> _Exercise requirements_
Print, in exact form, the lines below from the one containing "Control signal : Scope" through the one containing "Heading angle : Scope", and omit all others.

> _Data for this task_
-=-=-=-=-

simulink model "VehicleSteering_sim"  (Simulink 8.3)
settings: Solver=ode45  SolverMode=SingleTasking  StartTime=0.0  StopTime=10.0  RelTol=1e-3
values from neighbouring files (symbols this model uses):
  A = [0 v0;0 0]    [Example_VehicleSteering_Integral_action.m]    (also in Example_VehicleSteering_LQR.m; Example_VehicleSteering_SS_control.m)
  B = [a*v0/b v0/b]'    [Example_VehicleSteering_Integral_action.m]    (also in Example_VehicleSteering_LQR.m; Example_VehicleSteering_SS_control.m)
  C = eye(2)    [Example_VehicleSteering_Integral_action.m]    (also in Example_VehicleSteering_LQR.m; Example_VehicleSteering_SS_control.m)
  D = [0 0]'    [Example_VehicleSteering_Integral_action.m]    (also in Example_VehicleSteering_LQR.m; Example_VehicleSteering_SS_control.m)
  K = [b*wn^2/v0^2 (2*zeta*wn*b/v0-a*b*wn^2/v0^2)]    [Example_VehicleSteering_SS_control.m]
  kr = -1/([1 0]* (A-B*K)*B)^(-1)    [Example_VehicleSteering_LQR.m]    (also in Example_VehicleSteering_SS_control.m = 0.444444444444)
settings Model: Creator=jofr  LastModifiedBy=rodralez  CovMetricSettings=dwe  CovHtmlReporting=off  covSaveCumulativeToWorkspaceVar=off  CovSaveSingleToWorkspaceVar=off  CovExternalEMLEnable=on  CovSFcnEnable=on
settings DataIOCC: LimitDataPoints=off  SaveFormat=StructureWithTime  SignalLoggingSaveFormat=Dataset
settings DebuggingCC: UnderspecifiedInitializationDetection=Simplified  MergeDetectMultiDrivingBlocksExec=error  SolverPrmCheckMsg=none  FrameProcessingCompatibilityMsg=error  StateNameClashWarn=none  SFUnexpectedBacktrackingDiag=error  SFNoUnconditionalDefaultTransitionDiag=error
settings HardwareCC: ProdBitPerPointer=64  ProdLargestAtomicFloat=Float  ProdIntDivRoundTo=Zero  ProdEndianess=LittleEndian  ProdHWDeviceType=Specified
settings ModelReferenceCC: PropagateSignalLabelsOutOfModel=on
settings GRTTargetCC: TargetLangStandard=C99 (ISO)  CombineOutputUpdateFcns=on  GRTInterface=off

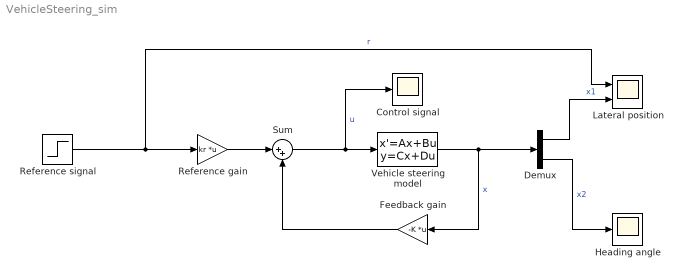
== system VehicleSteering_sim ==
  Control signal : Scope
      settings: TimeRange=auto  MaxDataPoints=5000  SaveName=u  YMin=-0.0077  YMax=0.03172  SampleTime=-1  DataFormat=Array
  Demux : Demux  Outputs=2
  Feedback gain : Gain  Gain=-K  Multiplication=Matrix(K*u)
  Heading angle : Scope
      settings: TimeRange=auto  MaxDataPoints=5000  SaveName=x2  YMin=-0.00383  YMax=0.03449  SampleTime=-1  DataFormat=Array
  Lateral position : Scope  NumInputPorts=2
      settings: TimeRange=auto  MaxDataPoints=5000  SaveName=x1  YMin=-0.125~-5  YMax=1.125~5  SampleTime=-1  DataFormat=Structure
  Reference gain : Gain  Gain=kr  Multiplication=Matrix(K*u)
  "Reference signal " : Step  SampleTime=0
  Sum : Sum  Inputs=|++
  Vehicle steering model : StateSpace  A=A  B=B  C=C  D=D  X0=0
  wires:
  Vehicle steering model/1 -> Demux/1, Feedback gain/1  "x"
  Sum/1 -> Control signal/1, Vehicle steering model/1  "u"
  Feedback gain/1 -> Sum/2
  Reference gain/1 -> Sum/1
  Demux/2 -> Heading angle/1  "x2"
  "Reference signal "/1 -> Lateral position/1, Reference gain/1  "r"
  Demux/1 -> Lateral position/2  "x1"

-=-=-=-=-

> _Answer to this problem_
  Control signal : Scope
      settings: TimeRange=auto  MaxDataPoints=5000  SaveName=u  YMin=-0.0077  YMax=0.03172  SampleTime=-1  DataFormat=Array
  Demux : Demux  Outputs=2
  Feedback gain : Gain  Gain=-K  Multiplication=Matrix(K*u)
  Heading angle : Scope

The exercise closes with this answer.